RECOLLECTIONS OF LOVE.

That window where my sun is often seen
Refulgent, and the world's at morning hours;
And that where Boreas blows, when winter lowers,
And the short days reveal a clouded scene;
That bench of stone, where, with a pensive mien,
My Laura sits, forgetting beauty's powers;
Haunts where her shadow strikes the walls or flowers,
And her feet press the paths or herbage green:
The place where Love assailed me with success ;
And spring, the fatal time that, first observed,
Revives the keen remembrance every year;
With looks and words, that o'er me have preserved
A power no length of time can render less,
Call to my eyes the sadly-soothing tear.

PENN.

HE IS BEWILDERED AT THE UNEXPECTED ARRIVAL OF LAURA.

As Love his arts in haunts familiar tried,
Watchful as one expecting war is found,
Who all foresees, and guards the passes round,
I in the armour of old thoughts relied:

Turning, I saw a shadow at my side

Cast by the sun, whose outline on the ground
I knew for hers, who (be my judgment sound)
Deserves in bliss immortal to abide.
I whispered to my heart, Nay, wherefore fear?
But scarcely did the thought arise within,

Than the bright rays in which I burn were here.
As thunders with the lightning-flash begin,
So was I struck at once both blind and mute,
By her dear dazzling eyes and sweet salute.

MACGREGOR.

COULD HE BUT SEE THE HOUSE OF LAURA, HIS SIGHS MIGHT REACH HER MORE QUICKLY.

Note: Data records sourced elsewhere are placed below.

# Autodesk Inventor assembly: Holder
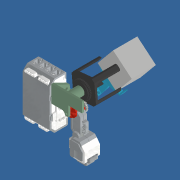
[picture p0: Inventor's stored thumbnail of the model, 180x180]
Saved by Autodesk Inventor 2020 (Build 240168000, 168)
## iProperties
Created: 2019-12-14
Part Number: Holder
Document SubType Name: Assembly
Designer: Jack
Author: Jack
## Documents named in this file (8)
- D:\Code\Python\EV3_Cuber\3D Model\Holder.iam
- D:\Code\Python\EV3_Cuber\3D Model\HolderGear.ipt
- D:\Code\Python\EV3_Cuber\3D Model\HolderShaft.ipt
- D:\Code\Python\EV3_Cuber\3D Model\Cube.ipt
- D:\Code\Python\EV3_Cuber\3D Model\Hand.ipt
- D:\Code\Python\EV3_Cuber\3D Model\MotorL.ipt
- D:\Code\Python\EV3_Cuber\3D Model\Brick.ipt
- D:\Code\Python\EV3_Cuber\3D Model\Gear 24.ipt
## Components (7 placed, 7 different names)
1. HolderShaft:1 — Mate:8, Mate:9, Mate:10, Angle:4, Rotational:3
2. HolderGear:1 — Angle:1, Angle:2, Mate:5, Mate:7, Flush:1, Rotational:3
3. Cube:1 — Angle:1, Angle:2, Mate:5, Mate:7, Angle:3, Mate:11, Mate:12
4. Hand:1 — Angle:3, Mate:11, Mate:12
5. MotorL:1 — Rotational:2, Mate:10, Angle:4
6. Brick:1 — Mate:8, Mate:9
7. Gear 24:1 — Rotational:2, Flush:1
## Relationships (14: Mate 7, Angle 4, RevoluteJoint 2, Flush 1)
- Angle:1 (0 deg): HolderGear:1 ↔ Cube:1
- Angle:2 (0 deg): HolderGear:1 ↔ Cube:1
- Mate:5 (0.5 mm): HolderGear:1 ↔ Cube:1
- Mate:7 (0.5 mm): HolderGear:1 ↔ Cube:1
- Mate:8: HolderShaft:1 ↔ Brick:1
- Mate:9: HolderShaft:1 ↔ Brick:1
- Rotational:2 [RevoluteJoint]: MotorL:1 ↔ Gear 24:1
- Flush:1: HolderGear:1 ↔ Gear 24:1
- Mate:10: HolderShaft:1 ↔ MotorL:1
- Angle:3 (0 deg): Cube:1 ↔ Hand:1
- Mate:11 (0.5 mm): Cube:1 ↔ Hand:1
- Mate:12 (-14.5 mm): Cube:1 ↔ Hand:1
- Angle:4 (0 deg): HolderShaft:1 ↔ MotorL:1
- Rotational:3 [RevoluteJoint]: HolderShaft:1 ↔ HolderGear:1

If, which our valley bars, this wall of stone,
From which its present name we closely trace,
Were by disdainful nature rased, and thrown
Its back to Babel and to Rome its face:
Then had my sighs a better pathway known
To where their hope is yet in life and grace:
They now go singly, yet my voice all own,
And, where I send, not one but finds its place.
There too, as I perceive, such welcome sweet
They ever find, that none returns again,
But still delightedly with her remain.

My grief is from the eyes, each morn to meet-
Not the fair scenes my soul so longed to see—
Toil for my weary limbs and tears for me.

MACGREGOR.

THOUGH HE IS UNHAPPY, HIS LOVE REMAINS EVER UNCHANGED.

My sixteenth year of sighs its course has run,

I stand alone, already on the brow

Where Age descends: and yet it seems as now

My time of trial only were begun.

'Tis sweet to love, and good to be undone;
Though life be hard, more days may Heaven allow
Misfortune to outlive; else Death may bow
The bright head low my loving praise that won.